====== Given information ======

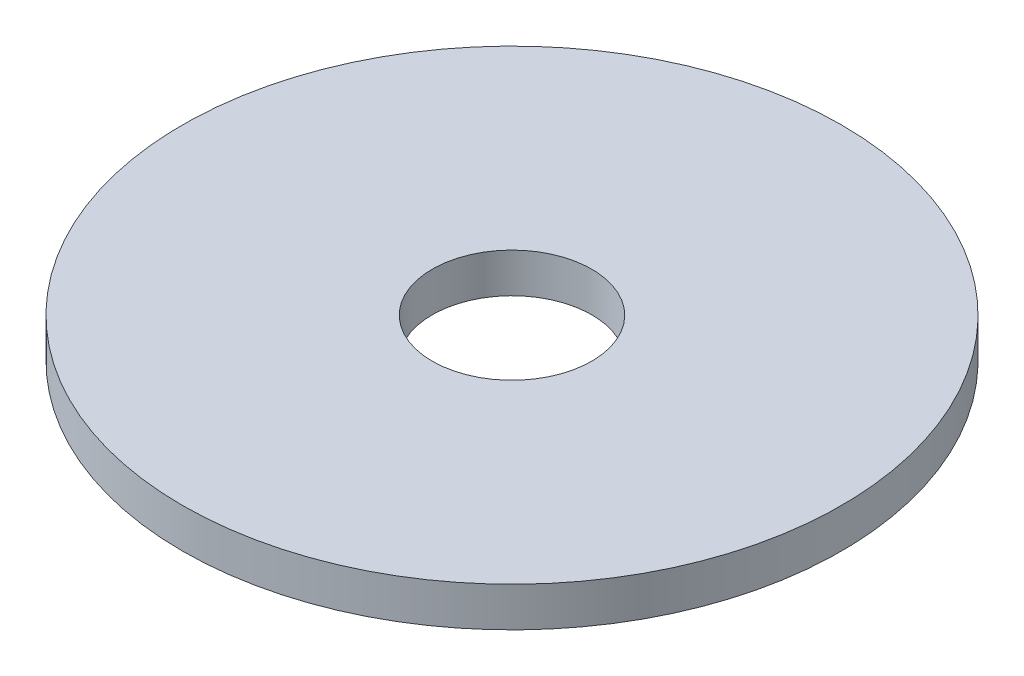
ISO-10303-21;
HEADER;
FILE_DESCRIPTION(('STEP AP214'),'2;1');
FILE_NAME('part.step','',(''),(''),'','','');
FILE_SCHEMA(('AUTOMOTIVE_DESIGN { 1 0 10303 214 1 1 1 1 }'));
ENDSEC;
DATA;
#1=APPLICATION_CONTEXT('core data for automotive mechanical design processes');
#2=APPLICATION_PROTOCOL_DEFINITION('international standard','automotive_design',2000,#1);
#3=PRODUCT_CONTEXT('',#1,'mechanical');
#4=PRODUCT('Part','Part','',(#3));
#5=PRODUCT_RELATED_PRODUCT_CATEGORY('part','',(#4));
#6=PRODUCT_DEFINITION_FORMATION('','',#4);
#7=PRODUCT_DEFINITION_CONTEXT('part definition',#1,'design');
#8=PRODUCT_DEFINITION('design','',#6,#7);
#9=PRODUCT_DEFINITION_SHAPE('','',#8);
#10=(LENGTH_UNIT() NAMED_UNIT(*) SI_UNIT(.MILLI.,.METRE.));
#11=(NAMED_UNIT(*) PLANE_ANGLE_UNIT() SI_UNIT($,.RADIAN.));
#12=(NAMED_UNIT(*) SI_UNIT($,.STERADIAN.) SOLID_ANGLE_UNIT());
#13=UNCERTAINTY_MEASURE_WITH_UNIT(LENGTH_MEASURE(1.E-05),#10,'distance_accuracy_value','');
#14=(GEOMETRIC_REPRESENTATION_CONTEXT(3) GLOBAL_UNCERTAINTY_ASSIGNED_CONTEXT((#13)) GLOBAL_UNIT_ASSIGNED_CONTEXT((#10,
#11,#12)) REPRESENTATION_CONTEXT('',''));
#15=CARTESIAN_POINT('',(0.,0.,0.));
#16=DIRECTION('',(0.,0.,1.));
#17=DIRECTION('',(1.,0.,0.));
#18=AXIS2_PLACEMENT_3D('',#15,#16,#17);
#19=CARTESIAN_POINT('',(0.,3.,0.));
#20=DIRECTION('',(0.,1.,0.));
#21=DIRECTION('',(0.,0.,1.));
#22=AXIS2_PLACEMENT_3D('',#19,#20,#21);
#23=PLANE('',#22);
#24=CARTESIAN_POINT('',(0.,3.,0.));
#25=DIRECTION('',(0.,1.,0.));
#26=DIRECTION('',(0.,0.,1.));
#27=AXIS2_PLACEMENT_3D('',#24,#25,#26);
#28=CIRCLE('',#27,25.);
#29=CARTESIAN_POINT('',(0.,3.,25.));
#30=VERTEX_POINT('',#29);
#31=EDGE_CURVE('E10',#30,#30,#28,.T.);
#32=ORIENTED_EDGE('',*,*,#31,.T.);
#33=EDGE_LOOP('',(#32));
#34=FACE_BOUND('',#33,.T.);
#35=CARTESIAN_POINT('',(0.,3.,0.));
#36=DIRECTION('',(0.,1.,0.));
#37=DIRECTION('',(0.,0.,1.));
#38=AXIS2_PLACEMENT_3D('',#35,#36,#37);
#39=CIRCLE('',#38,6.05);
#40=CARTESIAN_POINT('',(0.,3.,6.05));
#41=VERTEX_POINT('',#40);
#42=EDGE_CURVE('E54',#41,#41,#39,.T.);
#43=ORIENTED_EDGE('',*,*,#42,.F.);
#44=EDGE_LOOP('',(#43));
#45=FACE_BOUND('',#44,.T.);
#46=ADVANCED_FACE('F41',(#34,#45),#23,.T.);
#47=CARTESIAN_POINT('',(0.,0.,0.));
#48=DIRECTION('',(0.,1.,0.));
#49=DIRECTION('',(0.,0.,1.));
#50=AXIS2_PLACEMENT_3D('',#47,#48,#49);
#51=PLANE('',#50);
#52=CARTESIAN_POINT('',(0.,0.,0.));
#53=DIRECTION('',(0.,1.,0.));
#54=DIRECTION('',(0.,0.,1.));
#55=AXIS2_PLACEMENT_3D('',#52,#53,#54);
#56=CIRCLE('',#55,25.);
#57=CARTESIAN_POINT('',(0.,0.,25.));
#58=VERTEX_POINT('',#57);
#59=EDGE_CURVE('E45',#58,#58,#56,.T.);
#60=ORIENTED_EDGE('',*,*,#59,.F.);
#61=EDGE_LOOP('',(#60));
#62=FACE_BOUND('',#61,.T.);
#63=CARTESIAN_POINT('',(0.,0.,0.));
#64=DIRECTION('',(0.,1.,0.));
#65=DIRECTION('',(0.,0.,1.));
#66=AXIS2_PLACEMENT_3D('',#63,#64,#65);
#67=CIRCLE('',#66,6.05);
#68=CARTESIAN_POINT('',(0.,0.,6.05));
#69=VERTEX_POINT('',#68);
#70=EDGE_CURVE('E56',#69,#69,#67,.T.);
#71=ORIENTED_EDGE('',*,*,#70,.T.);
#72=EDGE_LOOP('',(#71));
#73=FACE_BOUND('',#72,.T.);
#74=ADVANCED_FACE('F68',(#62,#73),#51,.F.);
#75=CARTESIAN_POINT('',(0.,3.,0.));
#76=DIRECTION('',(0.,-1.,0.));
#77=DIRECTION('',(0.,0.,-1.));
#78=AXIS2_PLACEMENT_3D('',#75,#76,#77);
#79=CYLINDRICAL_SURFACE('',#78,25.);
#80=ORIENTED_EDGE('',*,*,#31,.F.);
#81=EDGE_LOOP('',(#80));
#82=FACE_BOUND('',#81,.T.);
#83=ORIENTED_EDGE('',*,*,#59,.T.);
#84=EDGE_LOOP('',(#83));
#85=FACE_BOUND('',#84,.T.);
#86=ADVANCED_FACE('F43',(#82,#85),#79,.T.);
#87=CARTESIAN_POINT('',(0.,3.,0.));
#88=DIRECTION('',(0.,-1.,0.));
#89=DIRECTION('',(0.,0.,-1.));
#90=AXIS2_PLACEMENT_3D('',#87,#88,#89);
#91=CYLINDRICAL_SURFACE('',#90,6.05);
#92=ORIENTED_EDGE('',*,*,#42,.T.);
#93=EDGE_LOOP('',(#92));
#94=FACE_BOUND('',#93,.T.);
#95=ORIENTED_EDGE('',*,*,#70,.F.);
#96=EDGE_LOOP('',(#95));
#97=FACE_BOUND('',#96,.T.);
#98=ADVANCED_FACE('F64',(#94,#97),#91,.F.);
#99=CLOSED_SHELL('',(#46,#74,#86,#98));
#100=MANIFOLD_SOLID_BREP('B2',#99);
#101=ADVANCED_BREP_SHAPE_REPRESENTATION('',(#18,#100),#14);
#102=SHAPE_DEFINITION_REPRESENTATION(#9,#101);
ENDSEC;
END-ISO-10303-21;

======

### Work instructions
Each line of the data in which the string "mechanical" appears needs to be copied.

### Solution to this problem
#1=APPLICATION_CONTEXT('core data for automotive mechanical design processes');
#3=PRODUCT_CONTEXT('',#1,'mechanical');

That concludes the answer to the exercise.